■ Task objective:
The required output is all lines below that contain the word "mechanical".

■ Record extracts:
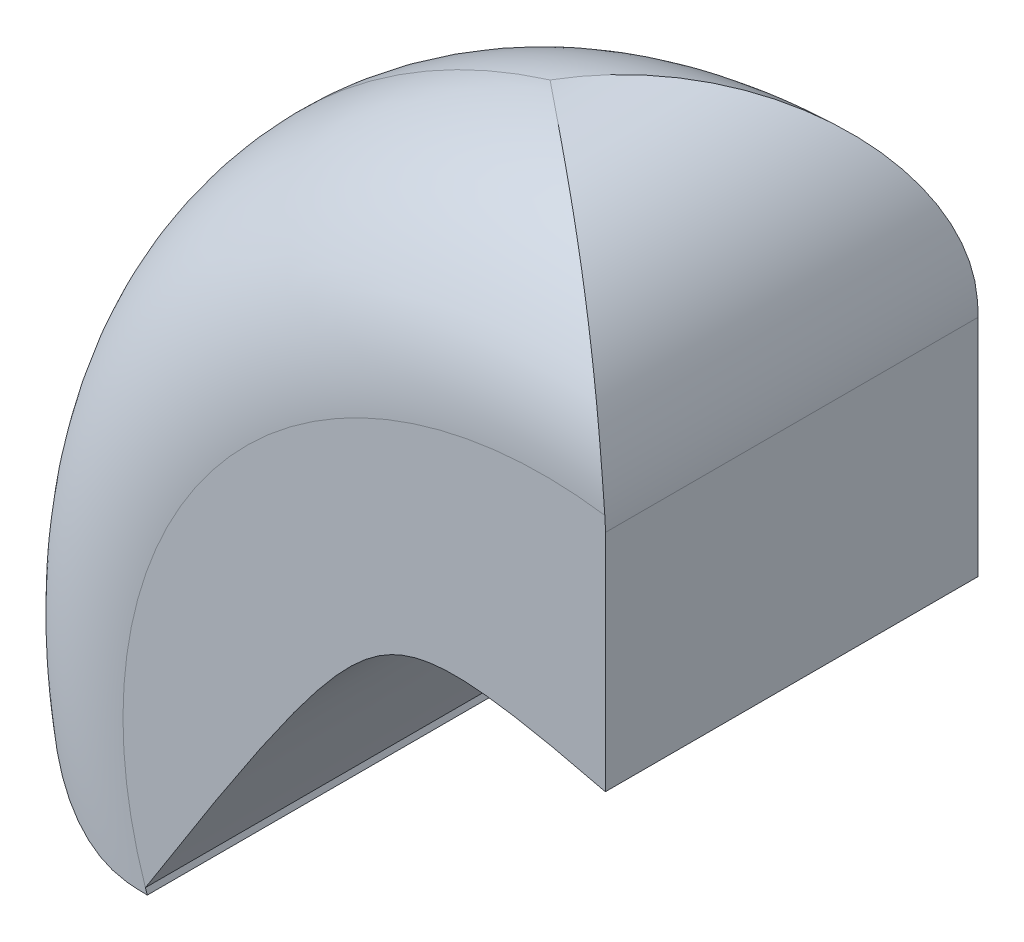
ISO-10303-21;
HEADER;
FILE_DESCRIPTION(('STEP AP214'),'2;1');
FILE_NAME('part.step','',(''),(''),'','','');
FILE_SCHEMA(('AUTOMOTIVE_DESIGN { 1 0 10303 214 1 1 1 1 }'));
ENDSEC;
DATA;
#1=APPLICATION_CONTEXT('core data for automotive mechanical design processes');
#2=APPLICATION_PROTOCOL_DEFINITION('international standard','automotive_design',2000,#1);
#3=PRODUCT_CONTEXT('',#1,'mechanical');
#4=PRODUCT('Part','Part','',(#3));
#5=PRODUCT_RELATED_PRODUCT_CATEGORY('part','',(#4));
#6=PRODUCT_DEFINITION_FORMATION('','',#4);
#7=PRODUCT_DEFINITION_CONTEXT('part definition',#1,'design');
#8=PRODUCT_DEFINITION('design','',#6,#7);
#9=PRODUCT_DEFINITION_SHAPE('','',#8);
#10=(LENGTH_UNIT() NAMED_UNIT(*) SI_UNIT(.MILLI.,.METRE.));
#11=(NAMED_UNIT(*) PLANE_ANGLE_UNIT() SI_UNIT($,.RADIAN.));
#12=(NAMED_UNIT(*) SI_UNIT($,.STERADIAN.) SOLID_ANGLE_UNIT());
#13=UNCERTAINTY_MEASURE_WITH_UNIT(LENGTH_MEASURE(1.E-05),#10,'distance_accuracy_value','');
#14=(GEOMETRIC_REPRESENTATION_CONTEXT(3) GLOBAL_UNCERTAINTY_ASSIGNED_CONTEXT((#13)) GLOBAL_UNIT_ASSIGNED_CONTEXT((#10,
#11,#12)) REPRESENTATION_CONTEXT('',''));
#15=CARTESIAN_POINT('',(0.,0.,0.));
#16=DIRECTION('',(0.,0.,1.));
#17=DIRECTION('',(1.,0.,0.));
#18=AXIS2_PLACEMENT_3D('',#15,#16,#17);
#19=CARTESIAN_POINT('',(0.,0.,4.064));
#20=DIRECTION('',(-1.,0.,0.));
#21=DIRECTION('',(0.,0.,1.));
#22=AXIS2_PLACEMENT_3D('',#19,#20,#21);
#23=PLANE('',#22);
#24=DIRECTION('',(0.,1.,0.));
#25=VECTOR('',#24,1.);
#26=CARTESIAN_POINT('',(0.,0.,4.064));
#27=LINE('',#26,#25);
#28=CARTESIAN_POINT('',(0.,3.47396540392977,4.064));
#29=VERTEX_POINT('',#28);
#30=CARTESIAN_POINT('',(0.,5.92316289736017,4.064));
#31=VERTEX_POINT('',#30);
#32=EDGE_CURVE('E117',#29,#31,#27,.T.);
#33=ORIENTED_EDGE('',*,*,#32,.F.);
#34=DIRECTION('',(0.,0.,-1.));
#35=VECTOR('',#34,1.);
#36=CARTESIAN_POINT('',(0.,3.47396540392977,4.064));
#37=LINE('',#36,#35);
#38=CARTESIAN_POINT('',(0.,3.47396540392977,0.));
#39=VERTEX_POINT('',#38);
#40=EDGE_CURVE('E272',#29,#39,#37,.T.);
#41=ORIENTED_EDGE('',*,*,#40,.T.);
#42=DIRECTION('',(0.,1.,0.));
#43=VECTOR('',#42,1.);
#44=CARTESIAN_POINT('',(0.,0.,0.));
#45=LINE('',#44,#43);
#46=CARTESIAN_POINT('',(0.,5.92316289736017,0.));
#47=VERTEX_POINT('',#46);
#48=EDGE_CURVE('E96',#39,#47,#45,.T.);
#49=ORIENTED_EDGE('',*,*,#48,.T.);
#50=DIRECTION('',(0.,0.,-1.));
#51=VECTOR('',#50,1.);
#52=CARTESIAN_POINT('',(0.,5.92316289736017,4.064));
#53=LINE('',#52,#51);
#54=EDGE_CURVE('E133',#47,#31,#53,.F.);
#55=ORIENTED_EDGE('',*,*,#54,.T.);
#56=EDGE_LOOP('',(#33,#41,#49,#55));
#57=FACE_BOUND('',#56,.T.);
#58=ADVANCED_FACE('F44',(#57),#23,.F.);
#59=CARTESIAN_POINT('',(0.,0.,4.064));
#60=DIRECTION('',(0.,1.,0.));
#61=DIRECTION('',(-1.,0.,0.));
#62=AXIS2_PLACEMENT_3D('',#59,#60,#61);
#63=PLANE('',#62);
#64=CARTESIAN_POINT('',(-5.23453439957361,0.,0.0125687678134763));
#65=CARTESIAN_POINT('',(-5.19484542475579,0.,0.00837410079089449));
#66=CARTESIAN_POINT('',(-5.15510118786411,0.,0.00522936996673769));
#67=CARTESIAN_POINT('',(-5.07550234442881,0.,0.00103978884695762));
#68=CARTESIAN_POINT('',(-5.03564773831422,0.,-5.06960004449771E-06));
#69=CARTESIAN_POINT('',(-4.99573787055482,0.,0.));
#70=B_SPLINE_CURVE_WITH_KNOTS('',3,(#64,#65,#66,#67,#68,#69),.UNSPECIFIED.,.F.,.F.,(4,2,4),(0.,
0.119605364773187,0.239210265256003),.UNSPECIFIED.);
#71=CARTESIAN_POINT('',(-5.23453439957361,0.,0.0125687678134763));
#72=VERTEX_POINT('',#71);
#73=CARTESIAN_POINT('',(-4.99573787055482,0.,0.));
#74=VERTEX_POINT('',#73);
#75=EDGE_CURVE('E122',#72,#74,#70,.T.);
#76=ORIENTED_EDGE('',*,*,#75,.T.);
#77=DIRECTION('',(0.,0.,-1.));
#78=VECTOR('',#77,1.);
#79=CARTESIAN_POINT('',(-4.99573787055482,0.,4.064));
#80=LINE('',#79,#78);
#81=CARTESIAN_POINT('',(-4.99573787055482,0.,4.064));
#82=VERTEX_POINT('',#81);
#83=EDGE_CURVE('E147',#82,#74,#80,.T.);
#84=ORIENTED_EDGE('',*,*,#83,.F.);
#85=CARTESIAN_POINT('',(-4.99573787055482,0.,4.064));
#86=CARTESIAN_POINT('',(-5.03564773831422,0.,4.06400506960005));
#87=CARTESIAN_POINT('',(-5.07550234442881,0.,4.06296021115304));
#88=CARTESIAN_POINT('',(-5.15510118786411,0.,4.05877063003326));
#89=CARTESIAN_POINT('',(-5.19484542475579,0.,4.05562589920911));
#90=CARTESIAN_POINT('',(-5.23453439957361,0.,4.05143123218652));
#91=B_SPLINE_CURVE_WITH_KNOTS('',3,(#85,#86,#87,#88,#89,#90),.UNSPECIFIED.,.F.,.F.,(4,2,4),(0.,
0.119604900482817,0.239210265256003),.UNSPECIFIED.);
#92=CARTESIAN_POINT('',(-5.23453439957361,0.,4.05143123218652));
#93=VERTEX_POINT('',#92);
#94=EDGE_CURVE('E11',#82,#93,#91,.T.);
#95=ORIENTED_EDGE('',*,*,#94,.T.);
#96=DIRECTION('',(0.,0.,-1.));
#97=VECTOR('',#96,1.);
#98=CARTESIAN_POINT('',(-5.23453439957361,0.,4.064));
#99=LINE('',#98,#97);
#100=EDGE_CURVE('E56',#93,#72,#99,.T.);
#101=ORIENTED_EDGE('',*,*,#100,.T.);
#102=EDGE_LOOP('',(#76,#84,#95,#101));
#103=FACE_BOUND('',#102,.T.);
#104=ADVANCED_FACE('F192',(#103),#63,.F.);
#105=CARTESIAN_POINT('',(-0.669630642000845,1.53842681175074,4.064));
#106=DIRECTION('',(0.,0.,-1.));
#107=DIRECTION('',(-1.,0.,0.));
#108=AXIS2_PLACEMENT_3D('',#105,#106,#107);
#109=PLANE('',#108);
#110=CARTESIAN_POINT('',(-0.669630642000845,1.53842681175074,4.064));
#111=DIRECTION('',(0.,0.,-1.));
#112=DIRECTION('',(-1.,0.,0.));
#113=AXIS2_PLACEMENT_3D('',#110,#111,#112);
#114=CIRCLE('',#113,4.59150964368589);
#115=CARTESIAN_POINT('',(-0.00619818509255878,6.08175358661309,4.064));
#116=VERTEX_POINT('',#115);
#117=CARTESIAN_POINT('',(-5.01662393872577,0.0600459114787412,4.064));
#118=VERTEX_POINT('',#117);
#119=EDGE_CURVE('E115',#116,#118,#114,.F.);
#120=ORIENTED_EDGE('',*,*,#119,.T.);
#121=CARTESIAN_POINT('',(-5.01662393872577,0.0600459114787412,4.064));
#122=CARTESIAN_POINT('',(-2.48466830545019,4.09070715051711,4.064));
#123=CARTESIAN_POINT('',(0.,3.47396540392977,4.064));
#124=(BOUNDED_CURVE() B_SPLINE_CURVE(2,(#121,#122,#123),.UNSPECIFIED.,.F.,
.F.) B_SPLINE_CURVE_WITH_KNOTS((3,3),(0.,1.),
.UNSPECIFIED.) CURVE() GEOMETRIC_REPRESENTATION_ITEM() RATIONAL_B_SPLINE_CURVE((1.,3.,1.)) REPRESENTATION_ITEM(''));
#125=EDGE_CURVE('E231',#118,#29,#124,.T.);
#126=ORIENTED_EDGE('',*,*,#125,.T.);
#127=ORIENTED_EDGE('',*,*,#32,.T.);
#128=CARTESIAN_POINT('',(-2.032,5.92316289736017,4.064));
#129=DIRECTION('',(0.,0.,-1.));
#130=DIRECTION('',(-1.,0.,0.));
#131=AXIS2_PLACEMENT_3D('',#128,#129,#130);
#132=CIRCLE('',#131,2.032);
#133=EDGE_CURVE('E110',#31,#116,#132,.F.);
#134=ORIENTED_EDGE('',*,*,#133,.T.);
#135=EDGE_LOOP('',(#120,#126,#127,#134));
#136=FACE_BOUND('',#135,.T.);
#137=ADVANCED_FACE('F112',(#136),#109,.F.);
#138=CARTESIAN_POINT('',(-0.669630642000845,1.53842681175074,0.));
#139=DIRECTION('',(0.,0.,-1.));
#140=DIRECTION('',(-1.,0.,0.));
#141=AXIS2_PLACEMENT_3D('',#138,#139,#140);
#142=PLANE('',#141);
#143=CARTESIAN_POINT('',(-5.01662393872577,0.0600459114787412,0.));
#144=CARTESIAN_POINT('',(-2.48466830545019,4.09070715051711,0.));
#145=CARTESIAN_POINT('',(0.,3.47396540392977,0.));
#146=(BOUNDED_CURVE() B_SPLINE_CURVE(2,(#143,#144,#145),.UNSPECIFIED.,.F.,
.F.) B_SPLINE_CURVE_WITH_KNOTS((3,3),(0.,1.),
.UNSPECIFIED.) CURVE() GEOMETRIC_REPRESENTATION_ITEM() RATIONAL_B_SPLINE_CURVE((1.,3.,1.)) REPRESENTATION_ITEM(''));
#147=CARTESIAN_POINT('',(-5.01662393872577,0.0600459114787183,0.));
#148=VERTEX_POINT('',#147);
#149=EDGE_CURVE('E216',#148,#39,#146,.T.);
#150=ORIENTED_EDGE('',*,*,#149,.F.);
#151=CARTESIAN_POINT('',(-0.669630642000845,1.53842681175074,0.));
#152=DIRECTION('',(0.,0.,-1.));
#153=DIRECTION('',(-1.,0.,0.));
#154=AXIS2_PLACEMENT_3D('',#151,#152,#153);
#155=CIRCLE('',#154,4.59150964368589);
#156=CARTESIAN_POINT('',(-0.00619818509255878,6.08175358661309,0.));
#157=VERTEX_POINT('',#156);
#158=EDGE_CURVE('E189',#148,#157,#155,.T.);
#159=ORIENTED_EDGE('',*,*,#158,.T.);
#160=CARTESIAN_POINT('',(-2.032,5.92316289736017,0.));
#161=DIRECTION('',(0.,0.,-1.));
#162=DIRECTION('',(-1.,0.,0.));
#163=AXIS2_PLACEMENT_3D('',#160,#161,#162);
#164=CIRCLE('',#163,2.032);
#165=EDGE_CURVE('E284',#157,#47,#164,.T.);
#166=ORIENTED_EDGE('',*,*,#165,.T.);
#167=ORIENTED_EDGE('',*,*,#48,.F.);
#168=EDGE_LOOP('',(#150,#159,#166,#167));
#169=FACE_BOUND('',#168,.T.);
#170=ADVANCED_FACE('F196',(#169),#142,.T.);
#171=CARTESIAN_POINT('',(-5.23453439957361,2.032,4.064));
#172=DIRECTION('',(0.,0.,-1.));
#173=DIRECTION('',(-1.,0.,0.));
#174=AXIS2_PLACEMENT_3D('',#171,#172,#173);
#175=CYLINDRICAL_SURFACE('',#174,2.032);
#176=CARTESIAN_POINT('',(-5.23453439957361,0.,0.0125687678134761));
#177=CARTESIAN_POINT('',(-5.28571905375405,-1.02781381491726E-05,0.0179848004909568));
#178=CARTESIAN_POINT('',(-5.33669751565299,0.00193342939825311,0.0250963033013528));
#179=CARTESIAN_POINT('',(-5.43778282880197,0.0095587273480486,0.0424102920684195));
#180=CARTESIAN_POINT('',(-5.48789067112643,0.0152357366853569,0.0526089815196273));
#181=CARTESIAN_POINT('',(-5.58649525657858,0.030096910336612,0.0757165579761269));
#182=CARTESIAN_POINT('',(-5.63500186752818,0.0392518151385274,0.0886024403911041));
#183=CARTESIAN_POINT('',(-5.73053698650695,0.0608564807131713,0.11685026728555));
#184=CARTESIAN_POINT('',(-5.7775650502461,0.0733072214655773,0.132212947680953));
#185=CARTESIAN_POINT('',(-5.91557948265992,0.115128828176905,0.181445196830651));
#186=CARTESIAN_POINT('',(-6.00406599884203,0.149059217704577,0.218597454463782));
#187=CARTESIAN_POINT('',(-6.17304316060148,0.227300029713948,0.299830970944985));
#188=CARTESIAN_POINT('',(-6.25351205217623,0.271637652976631,0.343930285844229));
#189=CARTESIAN_POINT('',(-6.43591417110329,0.388336757640728,0.456176274209942));
#190=CARTESIAN_POINT('',(-6.5336364398264,0.464827253100085,0.526906426592293));
#191=CARTESIAN_POINT('',(-6.71084493228945,0.630472510179892,0.675765734535077));
#192=CARTESIAN_POINT('',(-6.79031840061748,0.71963605986667,0.75390001181189));
#193=CARTESIAN_POINT('',(-6.931708832909,0.908309911268865,0.916368228227954));
#194=CARTESIAN_POINT('',(-6.99340056117709,1.00793284409652,1.00076600126823));
#195=CARTESIAN_POINT('',(-7.09802901879265,1.21362356422638,1.17327776242876));
#196=CARTESIAN_POINT('',(-7.1409533031061,1.31969557509662,1.2613941741154));
#197=CARTESIAN_POINT('',(-7.21608628179891,1.56088581704241,1.46094551749563));
#198=CARTESIAN_POINT('',(-7.24344120101683,1.69699548106517,1.57301442686032));
#199=CARTESIAN_POINT('',(-7.27021954247069,1.97030292297622,1.79871580363267));
#200=CARTESIAN_POINT('',(-7.2696983415095,2.10749800228118,1.9123447228723));
#201=CARTESIAN_POINT('',(-7.25528868747092,2.24550010215223,2.02786872876848));
#202=CARTESIAN_POINT('',(-7.25502650510597,2.24796721369922,2.02993439586857));
#203=CARTESIAN_POINT('',(-7.25475980586102,2.25043376064814,2.032));
#204=B_SPLINE_CURVE_WITH_KNOTS('',3,(#176,#177,#178,#179,#180,#181,#182,#183,#184,#185,#186,
#187,#188,#189,#190,#191,#192,#193,#194,#195,#196,#197,#198,#199,#200,#201,#202,#203),
.UNSPECIFIED.,.F.,.F.,(4,2,2,2,2,2,2,2,2,2,2,2,2,4),(0.,0.154306728037218,0.308424461139787,
0.461273329915595,0.614167697729642,0.918198145591081,1.22303224645508,1.64924162287182,
2.07574800723743,2.50744064818576,2.93941911982263,3.47242395920925,4.00437000686536,
4.01405509566987),.UNSPECIFIED.);
#205=CARTESIAN_POINT('',(-7.25475980586102,2.25043376064814,2.032));
#206=VERTEX_POINT('',#205);
#207=EDGE_CURVE('E140',#72,#206,#204,.T.);
#208=ORIENTED_EDGE('',*,*,#207,.F.);
#209=ORIENTED_EDGE('',*,*,#100,.F.);
#210=CARTESIAN_POINT('',(-5.23453439957361,0.,4.05143123218652));
#211=CARTESIAN_POINT('',(-5.28571905375405,-1.02781381490669E-05,4.04601519950904));
#212=CARTESIAN_POINT('',(-5.33669751565299,0.00193342939825331,4.03890369669865));
#213=CARTESIAN_POINT('',(-5.43778282880197,0.00955872734804887,4.02158970793158));
#214=CARTESIAN_POINT('',(-5.48789067112643,0.0152357366853572,4.01139101848037));
#215=CARTESIAN_POINT('',(-5.58649525657858,0.030096910336612,3.98828344202387));
#216=CARTESIAN_POINT('',(-5.63500186752818,0.0392518151385272,3.9753975596089));
#217=CARTESIAN_POINT('',(-5.73053698650695,0.060856480713171,3.94714973271445));
#218=CARTESIAN_POINT('',(-5.7775650502461,0.0733072214655772,3.93178705231905));
#219=CARTESIAN_POINT('',(-5.91557948265992,0.115128828176905,3.88255480316935));
#220=CARTESIAN_POINT('',(-6.00406599884203,0.149059217704577,3.84540254553622));
#221=CARTESIAN_POINT('',(-6.17304316060148,0.227300029713948,3.76416902905502));
#222=CARTESIAN_POINT('',(-6.25351205217623,0.271637652976631,3.72006971415577));
#223=CARTESIAN_POINT('',(-6.43591417110329,0.388336757640728,3.60782372579006));
#224=CARTESIAN_POINT('',(-6.5336364398264,0.464827253100085,3.53709357340771));
#225=CARTESIAN_POINT('',(-6.71084493228945,0.630472510179892,3.38823426546492));
#226=CARTESIAN_POINT('',(-6.79031840061748,0.71963605986667,3.31009998818811));
#227=CARTESIAN_POINT('',(-6.931708832909,0.908309911268865,3.14763177177205));
#228=CARTESIAN_POINT('',(-6.99340056117709,1.00793284409652,3.06323399873177));
#229=CARTESIAN_POINT('',(-7.09802901879265,1.21362356422638,2.89072223757124));
#230=CARTESIAN_POINT('',(-7.1409533031061,1.31969557509662,2.8026058258846));
#231=CARTESIAN_POINT('',(-7.21608628179891,1.56088581704241,2.60305448250437));
#232=CARTESIAN_POINT('',(-7.24344120101683,1.69699548106517,2.49098557313968));
#233=CARTESIAN_POINT('',(-7.27021954247069,1.97030292297622,2.26528419636733));
#234=CARTESIAN_POINT('',(-7.2696983415095,2.10749800228118,2.15165527712771));
#235=CARTESIAN_POINT('',(-7.25528868747092,2.24550010215223,2.03613127123152));
#236=CARTESIAN_POINT('',(-7.25502650510597,2.24796721369922,2.03406560413143));
#237=CARTESIAN_POINT('',(-7.25475980586102,2.25043376064814,2.032));
#238=B_SPLINE_CURVE_WITH_KNOTS('',3,(#210,#211,#212,#213,#214,#215,#216,#217,#218,#219,#220,
#221,#222,#223,#224,#225,#226,#227,#228,#229,#230,#231,#232,#233,#234,#235,#236,#237),
.UNSPECIFIED.,.F.,.F.,(4,2,2,2,2,2,2,2,2,2,2,2,2,4),(0.,0.154306728037218,0.308424461139786,
0.461273329915593,0.614167697729642,0.918198145591081,1.22303224645508,1.64924162287182,
2.07574800723743,2.50744064818576,2.93941911982263,3.47242395920925,4.00437000686536,
4.01405509566987),.UNSPECIFIED.);
#239=EDGE_CURVE('E87',#206,#93,#238,.F.);
#240=ORIENTED_EDGE('',*,*,#239,.F.);
#241=EDGE_LOOP('',(#208,#209,#240));
#242=FACE_BOUND('',#241,.T.);
#243=ADVANCED_FACE('F46',(#242),#175,.T.);
#244=CARTESIAN_POINT('',(-0.669630642000845,1.53842681175074,2.032));
#245=DIRECTION('',(0.,0.,-1.));
#246=DIRECTION('',(-1.,0.,0.));
#247=AXIS2_PLACEMENT_3D('',#244,#245,#246);
#248=TOROIDAL_SURFACE('',#247,4.59150964368589,2.032);
#249=CARTESIAN_POINT('',(-0.669630642000845,1.53842681175074,2.032));
#250=DIRECTION('',(0.,0.,-1.));
#251=DIRECTION('',(-1.,0.,0.));
#252=AXIS2_PLACEMENT_3D('',#249,#250,#251);
#253=CIRCLE('',#252,6.62350964368589);
#254=CARTESIAN_POINT('',(-2.63492469150342,7.86365402498109,2.032));
#255=VERTEX_POINT('',#254);
#256=EDGE_CURVE('E145',#206,#255,#253,.T.);
#257=ORIENTED_EDGE('',*,*,#256,.F.);
#258=ORIENTED_EDGE('',*,*,#239,.T.);
#259=ORIENTED_EDGE('',*,*,#94,.F.);
#260=CARTESIAN_POINT('',(-4.99573787055482,0.,4.064));
#261=CARTESIAN_POINT('',(-4.99662543054821,0.00249584813689046,4.064));
#262=CARTESIAN_POINT('',(-4.9975108306537,0.00499246436140658,4.064));
#263=CARTESIAN_POINT('',(-4.9992773084468,0.00998722550320205,4.064));
#264=CARTESIAN_POINT('',(-5.00015838613441,0.0124853704204814,4.064));
#265=CARTESIAN_POINT('',(-5.00191621644963,0.0174831814653261,4.064));
#266=CARTESIAN_POINT('',(-5.00279296907725,0.0199828475928914,4.064));
#267=CARTESIAN_POINT('',(-5.00454214664684,0.0249836935700356,4.064));
#268=CARTESIAN_POINT('',(-5.00541457158882,0.0274848734196145,4.064));
#269=CARTESIAN_POINT('',(-5.00715509117345,0.0324887393483347,4.064));
#270=CARTESIAN_POINT('',(-5.0080231858161,0.0349914254274761,4.064));
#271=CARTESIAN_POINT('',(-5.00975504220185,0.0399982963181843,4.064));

■ Answer to the problem:
#1=APPLICATION_CONTEXT('core data for automotive mechanical design processes');
#3=PRODUCT_CONTEXT('',#1,'mechanical');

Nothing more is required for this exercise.